▶ _Goal of the exercise_:
With "closure" as the search word, show every line of the material that has it.

▶ _Material to process_:
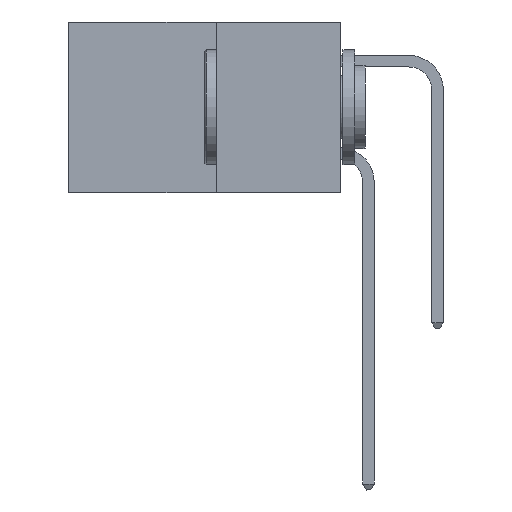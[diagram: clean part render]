
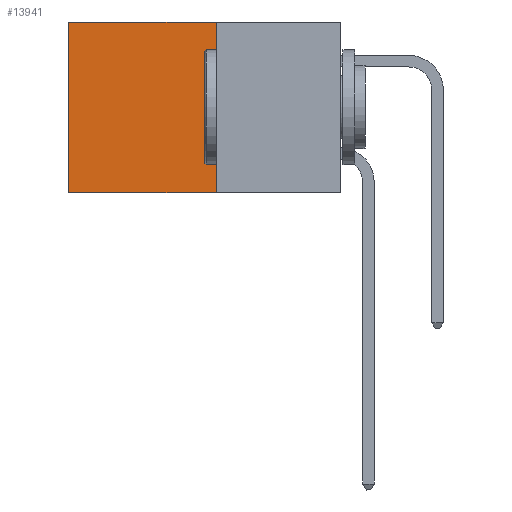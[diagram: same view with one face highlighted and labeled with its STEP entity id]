
A CAD part, left-side view. The second image highlights one B-rep face of the part: STEP entity #13941.
In plain terms, the highlighted planar face has unit normal (-1, 0, 0).
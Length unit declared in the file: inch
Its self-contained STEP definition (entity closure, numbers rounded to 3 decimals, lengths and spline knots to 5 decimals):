
#39 = VECTOR ( 'NONE', #119, 39.37008 ) ;
#119 = DIRECTION ( 'NONE',  ( 0., 1., 0. ) ) ;
#462 = EDGE_CURVE ( 'NONE', #17707, #1313, #3896, .T. ) ;
#1313 = VERTEX_POINT ( 'NONE', #9888 ) ;
#2470 = CARTESIAN_POINT ( 'NONE',  ( 0.277, 0.27, -0.37 ) ) ;
#3461 = VECTOR ( 'NONE', #4348, 39.37008 ) ;
#3690 = ORIENTED_EDGE ( 'NONE', *, *, #18618, .T. ) ;
#3896 = LINE ( 'NONE', #6130, #12351 ) ;
#4348 = DIRECTION ( 'NONE',  ( 0., 0., -1. ) ) ;
#5717 = DIRECTION ( 'NONE',  ( 0., 1., 0. ) ) ;
#6130 = CARTESIAN_POINT ( 'NONE',  ( 0.277, 0.27, -0.37 ) ) ;
#6416 = VERTEX_POINT ( 'NONE', #19111 ) ;
#7153 = AXIS2_PLACEMENT_3D ( 'NONE', #18086, #8185, #19720 ) ;
#8069 = LINE ( 'NONE', #9416, #3461 ) ;
#8075 = LINE ( 'NONE', #15474, #16407 ) ;
#8185 = DIRECTION ( 'NONE',  ( 1., 0., 0. ) ) ;
#8886 = ORIENTED_EDGE ( 'NONE', *, *, #14225, .F. ) ;
#9188 = LINE ( 'NONE', #10360, #39 ) ;
#9416 = CARTESIAN_POINT ( 'NONE',  ( 0.277, 0.59, -0.37 ) ) ;
#9888 = CARTESIAN_POINT ( 'NONE',  ( 0.277, 0.59, -0.37 ) ) ;
#10324 = VERTEX_POINT ( 'NONE', #16594 ) ;
#10360 = CARTESIAN_POINT ( 'NONE',  ( 0.277, 0.27, 0. ) ) ;
#11326 = ORIENTED_EDGE ( 'NONE', *, *, #462, .F. ) ;
#12209 = FACE_OUTER_BOUND ( 'NONE', #16114, .T. ) ;
#12351 = VECTOR ( 'NONE', #5717, 39.37008 ) ;
#13941 = ADVANCED_FACE ( 'NONE', ( #12209 ), #19652, .F. ) ;
#14225 = EDGE_CURVE ( 'NONE', #10324, #17707, #8075, .T. ) ;
#15474 = CARTESIAN_POINT ( 'NONE',  ( 0.277, 0.27, -0.37 ) ) ;
#15779 = ORIENTED_EDGE ( 'NONE', *, *, #19487, .T. ) ;
#16114 = EDGE_LOOP ( 'NONE', ( #15779, #11326, #8886, #3690 ) ) ;
#16407 = VECTOR ( 'NONE', #17119, 39.37008 ) ;
#16594 = CARTESIAN_POINT ( 'NONE',  ( 0.277, 0.27, 0. ) ) ;
#17119 = DIRECTION ( 'NONE',  ( 0., 0., -1. ) ) ;
#17707 = VERTEX_POINT ( 'NONE', #2470 ) ;
#18086 = CARTESIAN_POINT ( 'NONE',  ( 0.277, 0.27, -0.37 ) ) ;
#18618 = EDGE_CURVE ( 'NONE', #10324, #6416, #9188, .T. ) ;
#19111 = CARTESIAN_POINT ( 'NONE',  ( 0.277, 0.59, 0. ) ) ;
#19487 = EDGE_CURVE ( 'NONE', #6416, #1313, #8069, .T. ) ;
#19652 = PLANE ( 'NONE',  #7153 ) ;
#19720 = DIRECTION ( 'NONE',  ( 0., 0., -1. ) ) ;
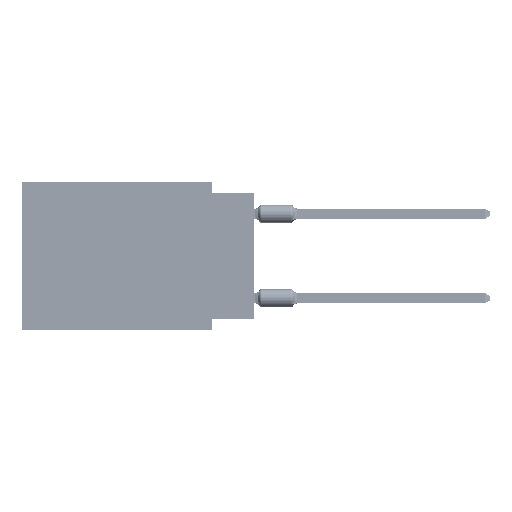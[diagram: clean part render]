
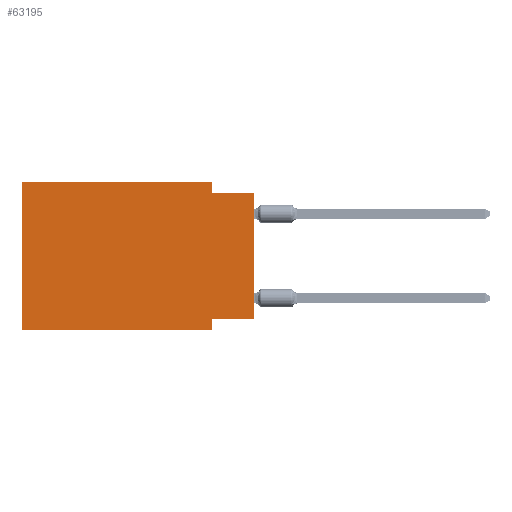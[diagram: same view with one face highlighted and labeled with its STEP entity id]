
A CAD part, left-side view. The second image highlights one B-rep face of the part: STEP entity #63195.
In plain terms, the highlighted planar face has unit normal (-1, 0, 0).
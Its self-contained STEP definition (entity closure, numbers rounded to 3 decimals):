
#1113 = CARTESIAN_POINT ( 'NONE',  ( 0., 13.97, -8.89 ) ) ;
#2007 = VECTOR ( 'NONE', #15530, 1000. ) ;
#2047 = DIRECTION ( 'NONE',  ( 0., 0., -1. ) ) ;
#5515 = VERTEX_POINT ( 'NONE', #1113 ) ;
#5948 = VECTOR ( 'NONE', #22540, 1000. ) ;
#6738 = LINE ( 'NONE', #20078, #39616 ) ;
#7008 = ORIENTED_EDGE ( 'NONE', *, *, #19705, .T. ) ;
#7027 = VERTEX_POINT ( 'NONE', #46867 ) ;
#7354 = FACE_OUTER_BOUND ( 'NONE', #52860, .T. ) ;
#8123 = EDGE_CURVE ( 'NONE', #46844, #30243, #61827, .T. ) ;
#9504 = ORIENTED_EDGE ( 'NONE', *, *, #52116, .F. ) ;
#10177 = LINE ( 'NONE', #44428, #2007 ) ;
#11439 = VERTEX_POINT ( 'NONE', #32660 ) ;
#12112 = VERTEX_POINT ( 'NONE', #75232 ) ;
#13236 = VECTOR ( 'NONE', #68557, 1000. ) ;
#14566 = DIRECTION ( 'NONE',  ( 0., 0., 1. ) ) ;
#15450 = LINE ( 'NONE', #44351, #18128 ) ;
#15463 = VERTEX_POINT ( 'NONE', #47993 ) ;
#15530 = DIRECTION ( 'NONE',  ( 0., 0., 1. ) ) ;
#18128 = VECTOR ( 'NONE', #38664, 1000. ) ;
#18221 = ORIENTED_EDGE ( 'NONE', *, *, #8123, .F. ) ;
#19705 = EDGE_CURVE ( 'NONE', #7027, #11439, #10177, .T. ) ;
#20078 = CARTESIAN_POINT ( 'NONE',  ( 0., 2.54, -8.89 ) ) ;
#20786 = ORIENTED_EDGE ( 'NONE', *, *, #59816, .F. ) ;
#21396 = EDGE_CURVE ( 'NONE', #7027, #15463, #15450, .T. ) ;
#21831 = CARTESIAN_POINT ( 'NONE',  ( 0., 13.97, 0. ) ) ;
#22540 = DIRECTION ( 'NONE',  ( 0., -1., 0. ) ) ;
#22562 = DIRECTION ( 'NONE',  ( 0., -1., 0. ) ) ;
#24832 = CARTESIAN_POINT ( 'NONE',  ( 0., 13.97, 0. ) ) ;
#27491 = LINE ( 'NONE', #51117, #5948 ) ;
#28575 = CARTESIAN_POINT ( 'NONE',  ( 0., 2.54, -0.635 ) ) ;
#29310 = ORIENTED_EDGE ( 'NONE', *, *, #66010, .F. ) ;
#30243 = VERTEX_POINT ( 'NONE', #28575 ) ;
#30691 = ORIENTED_EDGE ( 'NONE', *, *, #50006, .F. ) ;
#32660 = CARTESIAN_POINT ( 'NONE',  ( 0., 0., -0.635 ) ) ;
#35039 = CARTESIAN_POINT ( 'NONE',  ( 0., 2.54, 0. ) ) ;
#36812 = DIRECTION ( 'NONE',  ( 0., 0., -1. ) ) ;
#38298 = ORIENTED_EDGE ( 'NONE', *, *, #60191, .T. ) ;
#38664 = DIRECTION ( 'NONE',  ( 0., 1., 0. ) ) ;
#39616 = VECTOR ( 'NONE', #36812, 1000. ) ;
#43480 = CARTESIAN_POINT ( 'NONE',  ( 0., 13.97, 0. ) ) ;
#43529 = VERTEX_POINT ( 'NONE', #24832 ) ;
#44351 = CARTESIAN_POINT ( 'NONE',  ( 0., 0., -8.255 ) ) ;
#44428 = CARTESIAN_POINT ( 'NONE',  ( 0., 0., 0. ) ) ;
#45263 = CARTESIAN_POINT ( 'NONE',  ( 0., 13.97, -8.89 ) ) ;
#45391 = VECTOR ( 'NONE', #22562, 1000. ) ;
#46572 = PLANE ( 'NONE',  #62080 ) ;
#46844 = VERTEX_POINT ( 'NONE', #35039 ) ;
#46867 = CARTESIAN_POINT ( 'NONE',  ( 0., 0., -8.255 ) ) ;
#47993 = CARTESIAN_POINT ( 'NONE',  ( 0., 2.54, -8.255 ) ) ;
#48075 = DIRECTION ( 'NONE',  ( 1., 0., 0. ) ) ;
#49209 = LINE ( 'NONE', #43480, #52524 ) ;
#49737 = LINE ( 'NONE', #21831, #45391 ) ;
#50006 = EDGE_CURVE ( 'NONE', #15463, #12112, #6738, .T. ) ;
#51117 = CARTESIAN_POINT ( 'NONE',  ( 0., 0., -0.635 ) ) ;
#52116 = EDGE_CURVE ( 'NONE', #5515, #43529, #49209, .T. ) ;
#52524 = VECTOR ( 'NONE', #14566, 1000. ) ;
#52860 = EDGE_LOOP ( 'NONE', ( #7008, #20786, #18221, #29310, #9504, #38298, #30691, #58615 ) ) ;
#53814 = CARTESIAN_POINT ( 'NONE',  ( 0., 13.97, 0. ) ) ;
#54220 = CARTESIAN_POINT ( 'NONE',  ( 0., 2.54, 0. ) ) ;
#57871 = LINE ( 'NONE', #45263, #13236 ) ;
#58615 = ORIENTED_EDGE ( 'NONE', *, *, #21396, .F. ) ;
#59816 = EDGE_CURVE ( 'NONE', #30243, #11439, #27491, .T. ) ;
#60191 = EDGE_CURVE ( 'NONE', #5515, #12112, #57871, .T. ) ;
#61827 = LINE ( 'NONE', #54220, #68500 ) ;
#62080 = AXIS2_PLACEMENT_3D ( 'NONE', #53814, #48075, #71365 ) ;
#63195 = ADVANCED_FACE ( 'NONE', ( #7354 ), #46572, .F. ) ;
#66010 = EDGE_CURVE ( 'NONE', #43529, #46844, #49737, .T. ) ;
#68500 = VECTOR ( 'NONE', #2047, 1000. ) ;
#68557 = DIRECTION ( 'NONE',  ( 0., -1., 0. ) ) ;
#71365 = DIRECTION ( 'NONE',  ( 0., 0., -1. ) ) ;
#75232 = CARTESIAN_POINT ( 'NONE',  ( 0., 2.54, -8.89 ) ) ;

▶ _Solution for this problem_:
Its self-contained STEP definition (entity closure, numbers rounded to 3 decimals, lengths and spline knots to 5 decimals):
Its self-contained STEP definition (entity closure, numbers rounded to 3 decimals):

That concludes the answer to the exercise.